Спустя несколько минут Маргарет объявила:
— Командир лайнера Гэлбрейт приглашал меня в пилотскую кабину. Схожу-ка я туда.
Муж одобрительно кивнул:
— Сходи и извинись за то, что я не появился у них на этот раз, а я тем временем побеседую с молодым Праузом. Эти дни он рвался ко мне с какими-то делами.
Из большого числа сопровождающих его лиц — трех министров и персонала секретариата, сидевших сейчас в переднем салоне,— премьер-министр мало с кем общался, за исключением Артура Лексингтона.
— Отлично,— сказала Маргарет,— я пришлю его к тебе.
Эллиот Прауз, вошедший в салон премьер-министра спустя некоторое время после ухода Маргарет, был одним из двух ответственных секретарей Хаудена. Молодой, атлетически сложенный, богатый и независимый, с отличием окончивший Университет Макджилла, он проходил политическую практику у Хаудена, намереваясь в будущем занять ответственный государственный или политический пост. Через пару лет он оставит свою нынешнюю работу, чтобы баллотироваться на выборах в члены парламента. Тем временем партия использовала его ум и ученость, пока сам он набирался административного опыта, который позже откроет ему дорогу к министерскому креслу.
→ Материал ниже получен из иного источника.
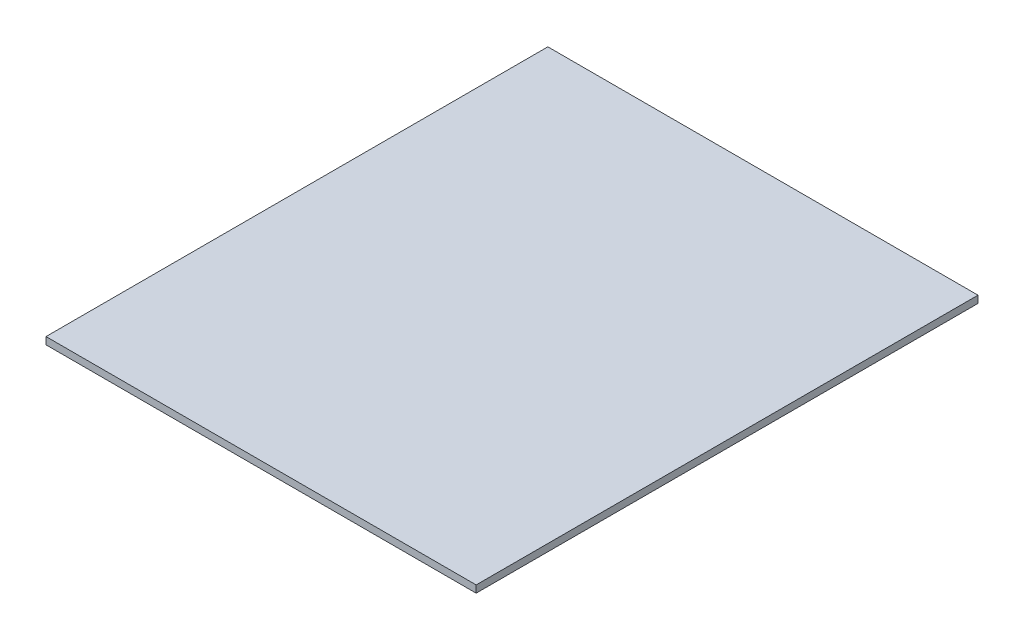
SolidWorks part; units mm, degrees
material "Concreto"
ref_plane "Plano frontal" through (0, 0, 0) normal (0, 0, 1) x (1, 0, 0)
ref_plane "Plano superior" through (0, 0, 0) normal (0, 1, 0) x (1, 0, 0)
ref_plane "Plano direito" through (0, 0, 0) normal (1, 0, 0) x (0, 0, -1)
sketch "Esboço1" plane through (0, 0, 0) normal (0, 1, 0) x (1, 0, 0)
  line L1 (-1500, 1750) -> (1500, 1750)
  line L2 (-1500, 1750) -> (-1500, -1750)
  line L3 (-1500, -1750) -> (1500, -1750)
  line L4 (1500, 1750) -> (1500, -1750)
  line L5 (-1500, 1750) -> (1500, -1750) construction
  line L6 (-1500, -1750) -> (1500, 1750) construction
  point P0 (0, 0)
  dimension "D1" = 3500
  dimension "D2" = 3000
extrude "Ressalto-extrusão1" add sketch "Esboço1" along normal blind 50
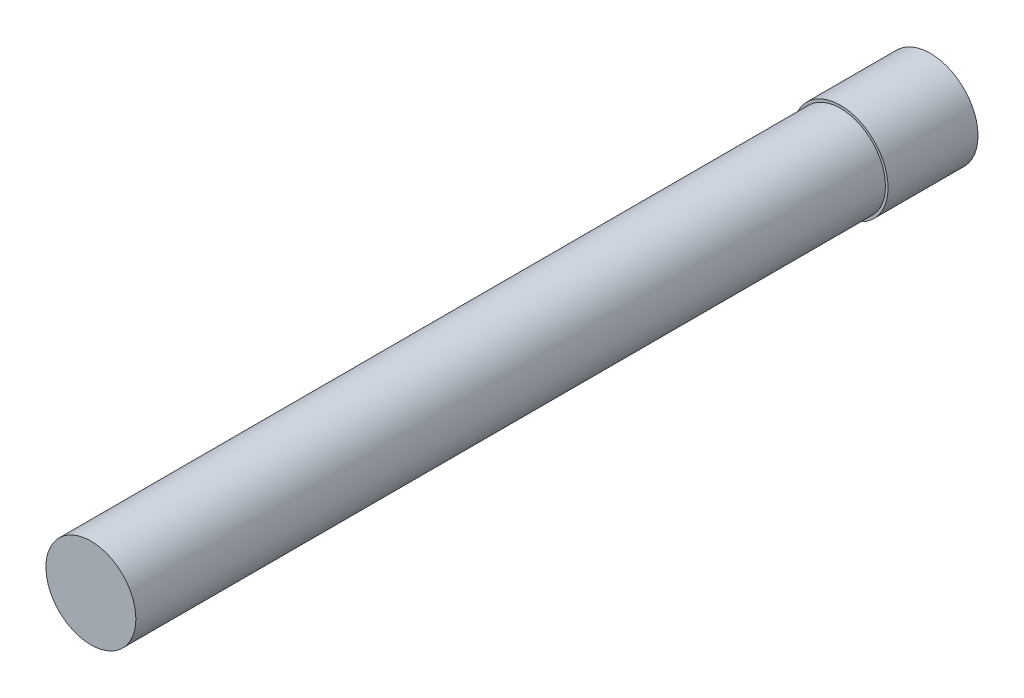
SolidWorks part; units mm, degrees
ref_plane "Front Plane" through (0, 0, 0) normal (1, 0, 0) x (0, 1, 0)
ref_plane "Top Plane" through (0, 0, 0) normal (0, 0, 1) x (0, 1, 0)
ref_plane "Right Plane" through (0, 0, 0) normal (0, 1, 0) x (-1, 0, 0)
sketch "Sketch1" plane through (0, 0, 0) normal (0, 0, 1) x (0, 1, 0)
  circle A0 centre (0, 0) radius 3.175
  dimension "D1" = 6.35
extrude "Boss-Extrude1" add sketch "Sketch1" along normal blind 6
sketch "Sketch2" plane through (0, 0, 6) normal (0, 0, 1) x (1, 0, 0)
  circle A0 centre (0, 0) radius 3
  dimension "D1" = 6
extrude "Boss-Extrude2" add sketch "Sketch2" along normal blind 50

Хауден никак не мог решить, нравится ли ему Прауз или нет: временами молодой человек подавлял его своей серьезностью. Но сейчас, удовлетворенный вашингтонскими переговорами, он встретил его с дружеским радушием. Кивнув на кресло напротив, Хауден осведомился:
— Ну, Эллиот, признавайтесь, у вас есть что-то, чем вы хотите со мной поделиться?
— Действительно, сэр.— Прауз осторожно присел на краешек кресла, сохраняя серьезное выражение лица.— Если помните, вчера я было начал...
— Помню, помню и огорчен тем, что был вынужден прервать вас — я никак не мог выкроить для вас время.
Он заметил признаки нетерпения на лице молодого человека— что ж, политику нужно уметь вести разговор на первый взгляд совершенно бесцельный, но полезный для дела.
— Господин Ричардсон и госпожа Фридмен связались со мной по телефону,— сказал Эллиот Прауз.— Речь шла о том случае с иммигрантом в Ванкувере.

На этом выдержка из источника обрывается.